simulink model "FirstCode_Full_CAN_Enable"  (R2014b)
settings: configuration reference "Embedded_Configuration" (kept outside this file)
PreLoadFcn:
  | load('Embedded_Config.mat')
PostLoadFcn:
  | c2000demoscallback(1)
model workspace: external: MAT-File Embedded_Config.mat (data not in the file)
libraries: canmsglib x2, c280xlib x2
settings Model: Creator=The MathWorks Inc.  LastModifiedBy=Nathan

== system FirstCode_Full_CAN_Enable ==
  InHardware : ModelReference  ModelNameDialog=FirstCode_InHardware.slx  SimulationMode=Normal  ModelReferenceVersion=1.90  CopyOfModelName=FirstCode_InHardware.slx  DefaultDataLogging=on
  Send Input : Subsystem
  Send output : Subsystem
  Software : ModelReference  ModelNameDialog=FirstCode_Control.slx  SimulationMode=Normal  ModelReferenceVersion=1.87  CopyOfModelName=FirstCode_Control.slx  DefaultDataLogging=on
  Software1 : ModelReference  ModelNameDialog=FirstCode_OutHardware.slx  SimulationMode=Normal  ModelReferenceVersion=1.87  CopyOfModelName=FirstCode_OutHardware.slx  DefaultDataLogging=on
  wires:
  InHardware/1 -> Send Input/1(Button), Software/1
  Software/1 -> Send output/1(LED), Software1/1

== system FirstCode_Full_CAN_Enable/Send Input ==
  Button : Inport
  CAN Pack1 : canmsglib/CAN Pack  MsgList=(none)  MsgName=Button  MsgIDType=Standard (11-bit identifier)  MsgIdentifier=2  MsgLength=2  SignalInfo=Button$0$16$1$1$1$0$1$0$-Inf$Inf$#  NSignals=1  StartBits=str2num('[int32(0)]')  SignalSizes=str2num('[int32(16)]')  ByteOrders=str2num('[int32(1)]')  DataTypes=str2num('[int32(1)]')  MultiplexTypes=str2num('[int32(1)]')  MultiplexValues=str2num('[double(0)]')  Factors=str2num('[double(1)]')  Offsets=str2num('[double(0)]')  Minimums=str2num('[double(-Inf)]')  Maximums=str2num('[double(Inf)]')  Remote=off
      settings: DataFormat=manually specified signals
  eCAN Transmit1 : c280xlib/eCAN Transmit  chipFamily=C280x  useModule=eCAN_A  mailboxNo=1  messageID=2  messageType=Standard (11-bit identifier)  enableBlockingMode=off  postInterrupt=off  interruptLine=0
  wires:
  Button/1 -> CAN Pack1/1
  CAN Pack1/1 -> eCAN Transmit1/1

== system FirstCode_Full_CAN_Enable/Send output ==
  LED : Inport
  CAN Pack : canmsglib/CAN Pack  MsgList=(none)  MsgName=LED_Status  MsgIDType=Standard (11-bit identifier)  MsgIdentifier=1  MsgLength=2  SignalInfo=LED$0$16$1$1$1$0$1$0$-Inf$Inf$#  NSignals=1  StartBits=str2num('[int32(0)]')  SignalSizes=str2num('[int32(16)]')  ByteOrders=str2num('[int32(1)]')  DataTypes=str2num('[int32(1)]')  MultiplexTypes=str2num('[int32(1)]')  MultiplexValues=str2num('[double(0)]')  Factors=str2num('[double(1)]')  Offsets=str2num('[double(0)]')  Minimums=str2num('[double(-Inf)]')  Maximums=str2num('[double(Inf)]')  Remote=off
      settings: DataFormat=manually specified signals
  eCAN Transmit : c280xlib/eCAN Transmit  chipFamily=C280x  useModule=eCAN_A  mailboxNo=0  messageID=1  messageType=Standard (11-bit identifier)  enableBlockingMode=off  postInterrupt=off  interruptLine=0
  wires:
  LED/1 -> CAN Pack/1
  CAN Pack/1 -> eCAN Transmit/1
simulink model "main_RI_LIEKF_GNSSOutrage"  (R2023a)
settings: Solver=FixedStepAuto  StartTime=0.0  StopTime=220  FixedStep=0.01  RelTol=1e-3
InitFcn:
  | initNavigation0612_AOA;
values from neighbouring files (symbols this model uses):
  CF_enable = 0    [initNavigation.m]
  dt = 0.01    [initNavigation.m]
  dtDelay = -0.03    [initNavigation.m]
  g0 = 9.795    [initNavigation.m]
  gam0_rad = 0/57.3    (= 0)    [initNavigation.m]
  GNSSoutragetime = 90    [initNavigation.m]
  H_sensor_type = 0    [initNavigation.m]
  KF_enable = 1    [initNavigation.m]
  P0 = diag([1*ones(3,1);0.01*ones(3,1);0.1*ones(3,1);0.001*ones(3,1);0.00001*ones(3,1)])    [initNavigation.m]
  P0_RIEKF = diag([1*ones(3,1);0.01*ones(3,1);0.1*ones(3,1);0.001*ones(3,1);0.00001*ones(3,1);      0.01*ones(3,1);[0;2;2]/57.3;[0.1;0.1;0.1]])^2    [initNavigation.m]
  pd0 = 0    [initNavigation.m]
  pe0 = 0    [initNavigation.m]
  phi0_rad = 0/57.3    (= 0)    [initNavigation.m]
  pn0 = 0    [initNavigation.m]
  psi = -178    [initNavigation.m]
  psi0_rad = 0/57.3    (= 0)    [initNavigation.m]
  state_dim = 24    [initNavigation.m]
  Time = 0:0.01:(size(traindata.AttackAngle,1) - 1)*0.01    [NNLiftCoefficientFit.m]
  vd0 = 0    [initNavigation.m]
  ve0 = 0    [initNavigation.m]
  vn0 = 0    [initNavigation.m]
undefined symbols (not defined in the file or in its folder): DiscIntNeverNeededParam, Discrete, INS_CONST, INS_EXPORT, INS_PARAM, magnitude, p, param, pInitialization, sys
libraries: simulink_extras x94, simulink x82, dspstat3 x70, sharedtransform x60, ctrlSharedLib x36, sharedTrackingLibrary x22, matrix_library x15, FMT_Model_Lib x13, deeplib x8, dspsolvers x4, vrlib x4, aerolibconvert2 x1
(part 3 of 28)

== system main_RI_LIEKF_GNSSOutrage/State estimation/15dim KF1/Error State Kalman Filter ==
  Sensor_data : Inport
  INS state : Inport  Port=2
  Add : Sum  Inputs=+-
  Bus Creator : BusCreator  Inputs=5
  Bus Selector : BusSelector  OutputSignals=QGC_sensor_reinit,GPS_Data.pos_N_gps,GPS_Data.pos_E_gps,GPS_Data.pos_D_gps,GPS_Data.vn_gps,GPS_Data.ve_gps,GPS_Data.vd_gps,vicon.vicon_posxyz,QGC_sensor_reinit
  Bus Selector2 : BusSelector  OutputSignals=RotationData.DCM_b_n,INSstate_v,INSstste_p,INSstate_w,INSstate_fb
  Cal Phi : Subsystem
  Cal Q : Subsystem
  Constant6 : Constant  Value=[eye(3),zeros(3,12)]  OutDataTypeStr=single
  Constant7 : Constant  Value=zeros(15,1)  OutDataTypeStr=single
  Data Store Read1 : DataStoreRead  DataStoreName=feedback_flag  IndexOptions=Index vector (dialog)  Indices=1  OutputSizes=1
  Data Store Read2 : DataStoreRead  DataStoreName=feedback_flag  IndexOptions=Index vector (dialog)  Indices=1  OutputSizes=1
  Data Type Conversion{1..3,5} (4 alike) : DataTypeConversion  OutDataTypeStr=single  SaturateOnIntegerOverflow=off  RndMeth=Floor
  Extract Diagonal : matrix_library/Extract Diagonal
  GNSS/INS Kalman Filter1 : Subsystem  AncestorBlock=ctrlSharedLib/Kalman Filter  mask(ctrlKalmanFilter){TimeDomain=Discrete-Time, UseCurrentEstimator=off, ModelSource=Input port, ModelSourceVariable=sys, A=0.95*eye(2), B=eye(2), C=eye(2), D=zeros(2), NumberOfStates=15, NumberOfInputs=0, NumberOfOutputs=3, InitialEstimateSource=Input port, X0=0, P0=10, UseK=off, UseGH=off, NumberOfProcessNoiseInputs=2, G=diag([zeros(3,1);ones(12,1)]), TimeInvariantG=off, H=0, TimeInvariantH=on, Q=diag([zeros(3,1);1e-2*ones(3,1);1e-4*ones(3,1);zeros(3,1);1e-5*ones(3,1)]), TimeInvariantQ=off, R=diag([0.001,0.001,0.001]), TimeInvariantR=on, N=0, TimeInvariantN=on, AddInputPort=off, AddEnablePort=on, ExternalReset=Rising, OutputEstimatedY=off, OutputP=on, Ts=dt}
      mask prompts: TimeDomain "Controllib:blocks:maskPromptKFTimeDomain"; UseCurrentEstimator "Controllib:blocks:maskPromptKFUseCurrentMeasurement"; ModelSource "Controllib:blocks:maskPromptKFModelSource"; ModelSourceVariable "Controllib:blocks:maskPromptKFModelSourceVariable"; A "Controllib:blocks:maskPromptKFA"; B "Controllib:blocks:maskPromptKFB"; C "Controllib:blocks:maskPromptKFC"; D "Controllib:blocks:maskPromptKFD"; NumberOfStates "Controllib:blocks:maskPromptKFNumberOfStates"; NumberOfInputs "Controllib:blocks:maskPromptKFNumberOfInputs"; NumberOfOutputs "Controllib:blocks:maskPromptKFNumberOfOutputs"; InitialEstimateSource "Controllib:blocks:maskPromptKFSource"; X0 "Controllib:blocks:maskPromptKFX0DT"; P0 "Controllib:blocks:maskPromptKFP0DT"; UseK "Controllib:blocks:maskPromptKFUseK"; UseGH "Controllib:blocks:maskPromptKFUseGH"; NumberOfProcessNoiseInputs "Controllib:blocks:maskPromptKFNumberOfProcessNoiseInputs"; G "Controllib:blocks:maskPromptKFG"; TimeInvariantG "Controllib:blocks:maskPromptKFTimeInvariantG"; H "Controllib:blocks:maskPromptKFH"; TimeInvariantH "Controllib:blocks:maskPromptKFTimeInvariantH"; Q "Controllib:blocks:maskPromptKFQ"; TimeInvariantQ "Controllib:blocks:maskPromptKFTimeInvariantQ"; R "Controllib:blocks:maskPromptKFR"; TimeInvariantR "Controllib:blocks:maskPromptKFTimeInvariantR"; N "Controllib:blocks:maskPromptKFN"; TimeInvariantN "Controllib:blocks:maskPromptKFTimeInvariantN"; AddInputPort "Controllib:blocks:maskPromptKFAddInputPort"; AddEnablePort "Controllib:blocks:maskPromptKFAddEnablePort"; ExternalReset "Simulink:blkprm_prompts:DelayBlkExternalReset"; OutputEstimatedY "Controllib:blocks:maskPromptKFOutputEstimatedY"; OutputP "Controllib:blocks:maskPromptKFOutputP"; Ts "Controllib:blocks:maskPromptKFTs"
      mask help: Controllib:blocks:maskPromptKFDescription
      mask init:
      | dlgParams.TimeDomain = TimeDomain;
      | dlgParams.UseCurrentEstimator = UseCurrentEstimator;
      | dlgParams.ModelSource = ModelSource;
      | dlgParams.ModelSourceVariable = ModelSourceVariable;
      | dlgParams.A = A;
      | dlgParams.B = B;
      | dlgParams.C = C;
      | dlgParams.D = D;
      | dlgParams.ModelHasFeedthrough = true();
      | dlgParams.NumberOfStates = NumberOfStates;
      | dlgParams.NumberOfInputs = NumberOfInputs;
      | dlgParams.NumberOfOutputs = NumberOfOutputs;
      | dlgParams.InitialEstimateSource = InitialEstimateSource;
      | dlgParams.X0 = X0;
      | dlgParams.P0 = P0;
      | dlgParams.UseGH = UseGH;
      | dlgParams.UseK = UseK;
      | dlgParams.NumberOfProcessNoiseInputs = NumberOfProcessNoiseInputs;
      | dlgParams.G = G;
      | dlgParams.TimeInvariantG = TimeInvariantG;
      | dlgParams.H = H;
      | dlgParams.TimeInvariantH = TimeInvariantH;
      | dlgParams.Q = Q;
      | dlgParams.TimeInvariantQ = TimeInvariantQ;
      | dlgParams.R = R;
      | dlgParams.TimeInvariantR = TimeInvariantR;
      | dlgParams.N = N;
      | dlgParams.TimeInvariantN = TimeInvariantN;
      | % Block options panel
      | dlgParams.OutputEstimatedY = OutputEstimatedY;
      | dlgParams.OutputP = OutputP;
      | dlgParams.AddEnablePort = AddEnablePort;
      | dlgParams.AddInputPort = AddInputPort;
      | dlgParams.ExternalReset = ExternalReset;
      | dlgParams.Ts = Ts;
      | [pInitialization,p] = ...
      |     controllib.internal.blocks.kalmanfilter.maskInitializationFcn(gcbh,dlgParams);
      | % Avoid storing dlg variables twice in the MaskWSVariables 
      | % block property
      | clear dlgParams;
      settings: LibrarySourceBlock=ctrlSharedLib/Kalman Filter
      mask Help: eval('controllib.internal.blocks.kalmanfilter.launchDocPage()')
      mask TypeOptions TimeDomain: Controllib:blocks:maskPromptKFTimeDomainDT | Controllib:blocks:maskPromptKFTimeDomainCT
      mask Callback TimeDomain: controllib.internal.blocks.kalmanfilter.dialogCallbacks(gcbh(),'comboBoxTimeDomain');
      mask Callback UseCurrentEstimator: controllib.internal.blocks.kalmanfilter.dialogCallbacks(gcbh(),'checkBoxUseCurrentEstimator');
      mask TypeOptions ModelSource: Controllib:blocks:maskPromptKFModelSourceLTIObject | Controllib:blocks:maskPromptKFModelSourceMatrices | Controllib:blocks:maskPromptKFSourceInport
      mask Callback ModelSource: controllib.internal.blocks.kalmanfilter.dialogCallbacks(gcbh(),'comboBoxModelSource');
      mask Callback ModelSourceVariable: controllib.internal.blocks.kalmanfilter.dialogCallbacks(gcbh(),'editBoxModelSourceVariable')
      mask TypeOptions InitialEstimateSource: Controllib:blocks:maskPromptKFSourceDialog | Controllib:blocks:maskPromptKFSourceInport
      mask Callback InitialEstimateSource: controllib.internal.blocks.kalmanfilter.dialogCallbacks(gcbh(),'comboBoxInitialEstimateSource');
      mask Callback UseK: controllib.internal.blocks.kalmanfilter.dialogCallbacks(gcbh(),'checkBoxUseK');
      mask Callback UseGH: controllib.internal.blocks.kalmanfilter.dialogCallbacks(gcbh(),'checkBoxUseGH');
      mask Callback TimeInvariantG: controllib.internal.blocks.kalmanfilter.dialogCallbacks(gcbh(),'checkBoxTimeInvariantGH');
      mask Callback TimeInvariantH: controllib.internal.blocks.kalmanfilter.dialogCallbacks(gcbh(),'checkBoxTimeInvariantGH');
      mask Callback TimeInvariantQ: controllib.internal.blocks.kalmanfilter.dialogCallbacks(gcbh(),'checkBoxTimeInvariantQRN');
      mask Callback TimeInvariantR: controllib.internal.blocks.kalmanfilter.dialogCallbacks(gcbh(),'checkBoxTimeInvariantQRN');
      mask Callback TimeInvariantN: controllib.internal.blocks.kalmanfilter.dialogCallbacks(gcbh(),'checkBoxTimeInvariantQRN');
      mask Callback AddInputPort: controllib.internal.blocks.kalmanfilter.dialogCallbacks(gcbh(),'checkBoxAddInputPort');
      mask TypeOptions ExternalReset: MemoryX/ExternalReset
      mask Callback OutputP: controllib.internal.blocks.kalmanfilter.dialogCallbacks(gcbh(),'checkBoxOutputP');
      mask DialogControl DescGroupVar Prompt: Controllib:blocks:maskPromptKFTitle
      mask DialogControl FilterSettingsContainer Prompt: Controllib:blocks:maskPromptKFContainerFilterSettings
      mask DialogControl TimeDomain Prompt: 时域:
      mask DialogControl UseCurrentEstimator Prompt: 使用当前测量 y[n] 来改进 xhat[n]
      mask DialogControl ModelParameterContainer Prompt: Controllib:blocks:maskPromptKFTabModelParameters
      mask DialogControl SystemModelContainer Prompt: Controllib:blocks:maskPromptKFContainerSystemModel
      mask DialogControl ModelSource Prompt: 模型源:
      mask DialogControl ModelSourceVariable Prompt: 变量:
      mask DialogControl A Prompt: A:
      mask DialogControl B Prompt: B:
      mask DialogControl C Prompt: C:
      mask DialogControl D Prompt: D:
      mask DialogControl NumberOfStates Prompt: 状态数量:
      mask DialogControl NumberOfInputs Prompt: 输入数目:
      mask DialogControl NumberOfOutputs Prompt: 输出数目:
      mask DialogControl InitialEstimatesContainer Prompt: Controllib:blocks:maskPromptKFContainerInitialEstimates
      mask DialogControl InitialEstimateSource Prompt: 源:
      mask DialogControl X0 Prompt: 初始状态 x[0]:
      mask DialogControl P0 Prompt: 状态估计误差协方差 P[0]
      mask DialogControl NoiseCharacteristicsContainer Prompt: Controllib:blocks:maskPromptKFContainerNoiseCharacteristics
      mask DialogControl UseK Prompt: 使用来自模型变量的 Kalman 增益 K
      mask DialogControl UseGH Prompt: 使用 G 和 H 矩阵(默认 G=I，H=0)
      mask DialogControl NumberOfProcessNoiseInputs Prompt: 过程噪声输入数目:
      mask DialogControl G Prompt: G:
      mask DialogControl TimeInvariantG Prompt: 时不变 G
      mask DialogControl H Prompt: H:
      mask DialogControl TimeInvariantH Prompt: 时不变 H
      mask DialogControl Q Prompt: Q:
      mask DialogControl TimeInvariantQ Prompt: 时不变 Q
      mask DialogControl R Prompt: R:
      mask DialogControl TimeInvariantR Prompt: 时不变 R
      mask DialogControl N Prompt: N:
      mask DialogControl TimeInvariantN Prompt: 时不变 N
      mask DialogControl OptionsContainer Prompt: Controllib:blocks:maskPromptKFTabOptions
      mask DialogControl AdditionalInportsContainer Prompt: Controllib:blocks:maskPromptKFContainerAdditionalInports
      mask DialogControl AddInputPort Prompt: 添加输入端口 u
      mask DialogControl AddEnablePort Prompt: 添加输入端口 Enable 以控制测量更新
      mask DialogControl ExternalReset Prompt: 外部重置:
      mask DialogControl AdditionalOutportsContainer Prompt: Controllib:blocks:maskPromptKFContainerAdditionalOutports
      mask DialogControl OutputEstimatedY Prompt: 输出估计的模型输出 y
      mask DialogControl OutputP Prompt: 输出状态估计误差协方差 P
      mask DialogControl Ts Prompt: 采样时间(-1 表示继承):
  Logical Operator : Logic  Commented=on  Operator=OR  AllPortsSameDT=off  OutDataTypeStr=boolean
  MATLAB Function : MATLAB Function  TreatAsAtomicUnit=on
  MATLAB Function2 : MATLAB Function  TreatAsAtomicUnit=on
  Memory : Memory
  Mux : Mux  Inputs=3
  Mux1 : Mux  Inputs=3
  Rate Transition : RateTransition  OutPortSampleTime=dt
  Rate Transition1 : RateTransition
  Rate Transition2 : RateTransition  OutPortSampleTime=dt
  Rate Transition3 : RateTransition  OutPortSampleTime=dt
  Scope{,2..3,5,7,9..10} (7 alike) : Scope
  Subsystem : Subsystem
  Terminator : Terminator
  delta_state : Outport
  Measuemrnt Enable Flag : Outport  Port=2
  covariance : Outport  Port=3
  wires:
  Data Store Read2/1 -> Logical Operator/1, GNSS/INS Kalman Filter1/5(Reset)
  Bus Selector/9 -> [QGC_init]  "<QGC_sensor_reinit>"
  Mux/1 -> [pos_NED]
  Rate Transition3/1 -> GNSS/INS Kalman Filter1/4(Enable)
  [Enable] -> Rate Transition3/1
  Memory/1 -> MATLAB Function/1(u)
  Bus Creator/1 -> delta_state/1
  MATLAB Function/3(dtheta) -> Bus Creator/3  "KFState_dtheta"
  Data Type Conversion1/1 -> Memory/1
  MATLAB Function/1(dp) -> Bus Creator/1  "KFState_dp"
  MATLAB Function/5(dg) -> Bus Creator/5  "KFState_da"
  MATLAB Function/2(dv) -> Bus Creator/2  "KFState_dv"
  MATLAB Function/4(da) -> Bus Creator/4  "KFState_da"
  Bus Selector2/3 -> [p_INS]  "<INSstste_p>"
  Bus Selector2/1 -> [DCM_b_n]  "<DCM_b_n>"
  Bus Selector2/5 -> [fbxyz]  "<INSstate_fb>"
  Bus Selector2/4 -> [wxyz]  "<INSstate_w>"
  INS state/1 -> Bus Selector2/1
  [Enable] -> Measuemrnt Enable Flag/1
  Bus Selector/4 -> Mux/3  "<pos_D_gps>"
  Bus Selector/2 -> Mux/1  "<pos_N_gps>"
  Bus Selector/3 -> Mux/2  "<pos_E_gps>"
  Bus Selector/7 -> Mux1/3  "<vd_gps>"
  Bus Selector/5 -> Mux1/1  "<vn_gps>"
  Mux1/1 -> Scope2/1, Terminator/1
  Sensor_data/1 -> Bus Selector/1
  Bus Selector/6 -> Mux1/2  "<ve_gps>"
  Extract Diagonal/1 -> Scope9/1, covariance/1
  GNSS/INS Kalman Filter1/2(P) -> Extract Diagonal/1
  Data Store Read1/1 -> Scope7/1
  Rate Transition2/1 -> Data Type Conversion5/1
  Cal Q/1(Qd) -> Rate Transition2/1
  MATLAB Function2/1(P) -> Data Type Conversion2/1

··········

◆ Problem description: Go through the entries above and copy out every line that includes the word "Standard".

◆ The completed task:
  CAN Pack1 : canmsglib/CAN Pack  MsgList=(none)  MsgName=Button  MsgIDType=Standard (11-bit identifier)  MsgIdentifier=2  MsgLength=2  SignalInfo=Button$0$16$1$1$1$0$1$0$-Inf$Inf$#  NSignals=1  StartBits=str2num('[int32(0)]')  SignalSizes=str2num('[int32(16)]')  ByteOrders=str2num('[int32(1)]')  DataTypes=str2num('[int32(1)]')  MultiplexTypes=str2num('[int32(1)]')  MultiplexValues=str2num('[double(0)]')  Factors=str2num('[double(1)]')  Offsets=str2num('[double(0)]')  Minimums=str2num('[double(-Inf)]')  Maximums=str2num('[double(Inf)]')  Remote=off
  eCAN Transmit1 : c280xlib/eCAN Transmit  chipFamily=C280x  useModule=eCAN_A  mailboxNo=1  messageID=2  messageType=Standard (11-bit identifier)  enableBlockingMode=off  postInterrupt=off  interruptLine=0
  CAN Pack : canmsglib/CAN Pack  MsgList=(none)  MsgName=LED_Status  MsgIDType=Standard (11-bit identifier)  MsgIdentifier=1  MsgLength=2  SignalInfo=LED$0$16$1$1$1$0$1$0$-Inf$Inf$#  NSignals=1  StartBits=str2num('[int32(0)]')  SignalSizes=str2num('[int32(16)]')  ByteOrders=str2num('[int32(1)]')  DataTypes=str2num('[int32(1)]')  MultiplexTypes=str2num('[int32(1)]')  MultiplexValues=str2num('[double(0)]')  Factors=str2num('[double(1)]')  Offsets=str2num('[double(0)]')  Minimums=str2num('[double(-Inf)]')  Maximums=str2num('[double(Inf)]')  Remote=off
  eCAN Transmit : c280xlib/eCAN Transmit  chipFamily=C280x  useModule=eCAN_A  mailboxNo=0  messageID=1  messageType=Standard (11-bit identifier)  enableBlockingMode=off  postInterrupt=off  interruptLine=0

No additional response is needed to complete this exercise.